Completing the Kokoda Trail had long been on the mind of Michael Braund, the local owner and Managing Director of GJ Gardner Hawkesbury – so when members of the GJ Gardner head office had suggested taking on the difficult trek for charity, Michael immediately put his hand up.
“One of the charities is Legacy who work with veterans, families of veterans and people who have worked in the force,” Michael says. “The other is MATES in Construction, which is all about the people in our industry who have committed suicide. And they’re all our peers. So Kokoda was mentioned and I thought ‘What other fitting purpose, really?’”
The GJ Gardner Homes NSW Kokoda Track team comprised 16 staff members from 7 franchises who took on the gruelling trek from the 5th-14th of August. Their goal was to raise $120,000 for the two charities; at time of writing, the team has exceeded their goal with $147,540 raised for Legacy and MATES.
Awaiting Michael and the rest of the GJ Gardner team was the difficult 96km, single-file trail in eastern Papua New Guinea that was the site of a battle between Australian and Japanese forces during World War II. After months of training and preparation that Michael fitted around a loaded work schedule, he was well on his way towards the starting point of the famously tough trek. He says: “I was working hard that week before I had to go, so I wasn’t really thinking about it too much. But in PNG that morning, getting on a small plane to travel over to Kokoda, the nerves started to kick in a little bit.”

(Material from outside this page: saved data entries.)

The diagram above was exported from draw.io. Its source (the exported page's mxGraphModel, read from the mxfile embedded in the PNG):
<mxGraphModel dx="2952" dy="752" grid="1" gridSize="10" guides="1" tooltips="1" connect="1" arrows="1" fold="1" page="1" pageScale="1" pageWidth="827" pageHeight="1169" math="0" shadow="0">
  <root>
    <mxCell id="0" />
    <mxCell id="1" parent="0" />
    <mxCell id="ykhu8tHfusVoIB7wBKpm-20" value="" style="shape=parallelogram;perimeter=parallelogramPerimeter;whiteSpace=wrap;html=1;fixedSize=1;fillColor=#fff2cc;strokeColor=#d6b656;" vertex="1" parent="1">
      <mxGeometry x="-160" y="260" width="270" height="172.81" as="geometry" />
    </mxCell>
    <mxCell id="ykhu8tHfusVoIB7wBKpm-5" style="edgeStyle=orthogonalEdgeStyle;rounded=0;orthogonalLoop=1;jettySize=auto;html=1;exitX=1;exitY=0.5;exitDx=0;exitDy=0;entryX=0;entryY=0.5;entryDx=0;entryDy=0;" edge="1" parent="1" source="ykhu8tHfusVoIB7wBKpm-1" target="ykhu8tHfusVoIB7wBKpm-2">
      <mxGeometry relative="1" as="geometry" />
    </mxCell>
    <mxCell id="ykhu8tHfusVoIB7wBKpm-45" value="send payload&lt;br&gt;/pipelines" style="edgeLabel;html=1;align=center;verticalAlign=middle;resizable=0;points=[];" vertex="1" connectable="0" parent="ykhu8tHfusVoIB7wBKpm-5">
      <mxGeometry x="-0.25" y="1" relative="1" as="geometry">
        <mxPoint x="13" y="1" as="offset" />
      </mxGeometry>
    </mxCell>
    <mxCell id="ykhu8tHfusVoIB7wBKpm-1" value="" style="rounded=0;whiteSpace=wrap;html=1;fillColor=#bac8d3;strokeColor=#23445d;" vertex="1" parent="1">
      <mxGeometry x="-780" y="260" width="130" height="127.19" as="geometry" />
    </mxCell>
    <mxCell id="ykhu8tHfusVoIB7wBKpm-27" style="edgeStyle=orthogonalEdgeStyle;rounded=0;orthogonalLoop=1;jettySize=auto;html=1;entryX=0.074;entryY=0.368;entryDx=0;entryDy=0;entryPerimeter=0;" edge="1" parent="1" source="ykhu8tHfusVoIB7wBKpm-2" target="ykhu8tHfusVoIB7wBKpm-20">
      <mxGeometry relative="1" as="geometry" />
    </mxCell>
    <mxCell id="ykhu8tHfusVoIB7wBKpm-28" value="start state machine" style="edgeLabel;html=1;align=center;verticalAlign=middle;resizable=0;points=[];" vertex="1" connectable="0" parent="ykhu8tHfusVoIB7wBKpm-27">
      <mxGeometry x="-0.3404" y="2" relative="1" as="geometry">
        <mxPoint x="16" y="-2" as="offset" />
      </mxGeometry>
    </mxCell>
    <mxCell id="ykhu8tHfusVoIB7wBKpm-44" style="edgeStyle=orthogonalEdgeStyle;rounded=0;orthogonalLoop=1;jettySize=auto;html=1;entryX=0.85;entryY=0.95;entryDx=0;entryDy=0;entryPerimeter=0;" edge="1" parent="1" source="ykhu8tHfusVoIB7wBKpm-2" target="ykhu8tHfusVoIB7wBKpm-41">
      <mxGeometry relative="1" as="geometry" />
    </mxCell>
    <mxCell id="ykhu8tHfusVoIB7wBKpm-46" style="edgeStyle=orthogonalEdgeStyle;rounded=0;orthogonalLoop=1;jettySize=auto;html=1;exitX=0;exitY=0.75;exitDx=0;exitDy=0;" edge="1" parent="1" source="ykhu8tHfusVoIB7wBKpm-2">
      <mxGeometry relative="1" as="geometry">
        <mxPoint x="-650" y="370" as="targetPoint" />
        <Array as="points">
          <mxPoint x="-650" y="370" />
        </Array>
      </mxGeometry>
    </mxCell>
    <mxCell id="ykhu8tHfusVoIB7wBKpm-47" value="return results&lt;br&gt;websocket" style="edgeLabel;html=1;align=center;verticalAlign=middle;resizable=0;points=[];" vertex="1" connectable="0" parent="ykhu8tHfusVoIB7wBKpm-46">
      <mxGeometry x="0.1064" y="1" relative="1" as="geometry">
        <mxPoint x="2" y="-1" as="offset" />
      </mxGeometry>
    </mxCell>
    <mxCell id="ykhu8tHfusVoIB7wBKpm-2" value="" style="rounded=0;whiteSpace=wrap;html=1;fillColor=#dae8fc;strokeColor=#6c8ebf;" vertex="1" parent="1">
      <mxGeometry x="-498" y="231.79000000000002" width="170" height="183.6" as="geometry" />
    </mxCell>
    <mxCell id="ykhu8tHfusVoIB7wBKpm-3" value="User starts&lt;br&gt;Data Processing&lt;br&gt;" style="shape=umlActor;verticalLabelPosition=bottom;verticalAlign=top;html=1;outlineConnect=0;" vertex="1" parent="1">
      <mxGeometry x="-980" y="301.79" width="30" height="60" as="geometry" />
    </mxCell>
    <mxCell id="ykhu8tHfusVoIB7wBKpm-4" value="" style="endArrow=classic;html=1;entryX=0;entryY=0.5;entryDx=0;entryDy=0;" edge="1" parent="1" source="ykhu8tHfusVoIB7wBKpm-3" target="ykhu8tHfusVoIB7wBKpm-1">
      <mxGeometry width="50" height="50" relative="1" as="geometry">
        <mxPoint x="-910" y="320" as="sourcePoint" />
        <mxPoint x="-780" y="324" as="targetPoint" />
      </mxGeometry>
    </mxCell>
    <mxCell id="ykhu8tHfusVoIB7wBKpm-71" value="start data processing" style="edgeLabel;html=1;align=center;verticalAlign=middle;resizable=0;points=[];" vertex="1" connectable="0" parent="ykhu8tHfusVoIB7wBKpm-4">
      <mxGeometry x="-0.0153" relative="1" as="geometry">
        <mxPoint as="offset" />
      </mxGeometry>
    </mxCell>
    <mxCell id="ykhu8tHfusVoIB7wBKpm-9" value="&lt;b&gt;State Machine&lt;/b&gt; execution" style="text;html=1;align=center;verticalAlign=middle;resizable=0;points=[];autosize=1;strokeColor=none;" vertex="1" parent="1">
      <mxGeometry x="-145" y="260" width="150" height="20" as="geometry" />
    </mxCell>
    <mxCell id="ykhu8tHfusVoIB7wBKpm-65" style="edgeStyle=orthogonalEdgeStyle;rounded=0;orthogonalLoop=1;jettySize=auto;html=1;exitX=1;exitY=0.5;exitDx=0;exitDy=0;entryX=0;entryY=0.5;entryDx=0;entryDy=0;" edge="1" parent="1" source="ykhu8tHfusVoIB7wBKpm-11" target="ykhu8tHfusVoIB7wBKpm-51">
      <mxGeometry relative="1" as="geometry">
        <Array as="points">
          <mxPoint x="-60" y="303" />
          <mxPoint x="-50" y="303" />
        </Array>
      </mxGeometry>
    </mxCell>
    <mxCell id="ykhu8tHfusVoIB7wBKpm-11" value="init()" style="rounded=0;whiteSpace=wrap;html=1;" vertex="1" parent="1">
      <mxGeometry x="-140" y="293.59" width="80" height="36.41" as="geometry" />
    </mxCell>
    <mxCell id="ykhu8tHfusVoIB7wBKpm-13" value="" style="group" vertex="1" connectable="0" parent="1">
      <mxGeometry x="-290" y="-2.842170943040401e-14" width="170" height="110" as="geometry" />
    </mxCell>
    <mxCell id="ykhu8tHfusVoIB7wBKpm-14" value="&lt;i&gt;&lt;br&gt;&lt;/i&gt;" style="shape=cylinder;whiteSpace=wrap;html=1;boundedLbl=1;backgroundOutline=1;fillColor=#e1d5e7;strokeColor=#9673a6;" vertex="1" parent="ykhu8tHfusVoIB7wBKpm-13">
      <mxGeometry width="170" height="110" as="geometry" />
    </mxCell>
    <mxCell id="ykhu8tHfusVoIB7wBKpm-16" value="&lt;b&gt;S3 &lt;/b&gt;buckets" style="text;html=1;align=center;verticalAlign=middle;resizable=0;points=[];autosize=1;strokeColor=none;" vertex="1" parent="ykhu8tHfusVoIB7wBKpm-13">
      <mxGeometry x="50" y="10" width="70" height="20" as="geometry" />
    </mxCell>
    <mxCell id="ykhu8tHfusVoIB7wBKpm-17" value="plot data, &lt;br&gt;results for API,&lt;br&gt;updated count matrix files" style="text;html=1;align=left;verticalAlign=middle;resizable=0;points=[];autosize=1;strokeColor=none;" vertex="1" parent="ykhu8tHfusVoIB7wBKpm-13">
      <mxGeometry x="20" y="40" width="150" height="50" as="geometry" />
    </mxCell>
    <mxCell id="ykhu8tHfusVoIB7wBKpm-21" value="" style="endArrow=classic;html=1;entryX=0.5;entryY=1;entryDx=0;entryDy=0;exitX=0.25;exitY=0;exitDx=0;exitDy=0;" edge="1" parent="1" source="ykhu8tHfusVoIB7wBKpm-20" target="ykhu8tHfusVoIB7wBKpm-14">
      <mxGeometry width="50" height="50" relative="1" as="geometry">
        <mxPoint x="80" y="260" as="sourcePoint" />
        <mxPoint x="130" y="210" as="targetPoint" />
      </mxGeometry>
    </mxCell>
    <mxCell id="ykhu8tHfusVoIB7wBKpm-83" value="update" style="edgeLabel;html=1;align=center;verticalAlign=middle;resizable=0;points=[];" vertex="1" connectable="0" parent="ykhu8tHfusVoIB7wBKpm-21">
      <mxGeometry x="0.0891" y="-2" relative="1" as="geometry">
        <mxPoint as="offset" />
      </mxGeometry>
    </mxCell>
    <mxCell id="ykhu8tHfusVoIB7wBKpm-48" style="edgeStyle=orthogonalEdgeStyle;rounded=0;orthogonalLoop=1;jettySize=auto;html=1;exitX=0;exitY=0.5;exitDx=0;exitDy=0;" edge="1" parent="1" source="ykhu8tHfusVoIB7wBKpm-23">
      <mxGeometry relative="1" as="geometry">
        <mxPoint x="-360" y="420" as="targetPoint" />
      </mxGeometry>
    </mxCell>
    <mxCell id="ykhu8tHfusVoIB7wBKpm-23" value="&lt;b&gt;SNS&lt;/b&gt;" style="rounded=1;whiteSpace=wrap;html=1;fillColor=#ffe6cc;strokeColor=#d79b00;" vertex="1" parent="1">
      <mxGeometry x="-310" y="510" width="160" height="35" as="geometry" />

Besides the difficult terrain, one of the greatest challenges for Michael was the consistency needed to complete the whole 10-day program. He says: “Getting up every morning at 5am and doing it again, even when you’ve got tired legs is difficult. It’s about getting that mental state to keep doing it.”
Despite how tough the trip often was, Michael found solace in the people he was travelling with, such as Rob McLeod and Simon Curtis. “I don’t think I could have asked to do it with any better people,” Michael comments. “You’d get into conversations with people you knew and have a chat about family and life, all that type of stuff. If no one was talking about anything, it seemed that day went longer. But when you’re talking, maybe that 10 minutes feels like 1 minute. So that made a big difference, getting close to everyone in those last few days.”
Upon returning home, Michael’s not had much time to reflect on the whole experience: “I haven’t even sat down and had a good think about it. I have thought about how bad it is in PNG with poverty and unemployment; that hit hard.” He says. “But we’re hoping to do a bit more over there as a whole franchise which would be good. And I would love to try and think of what my next challenge will be.”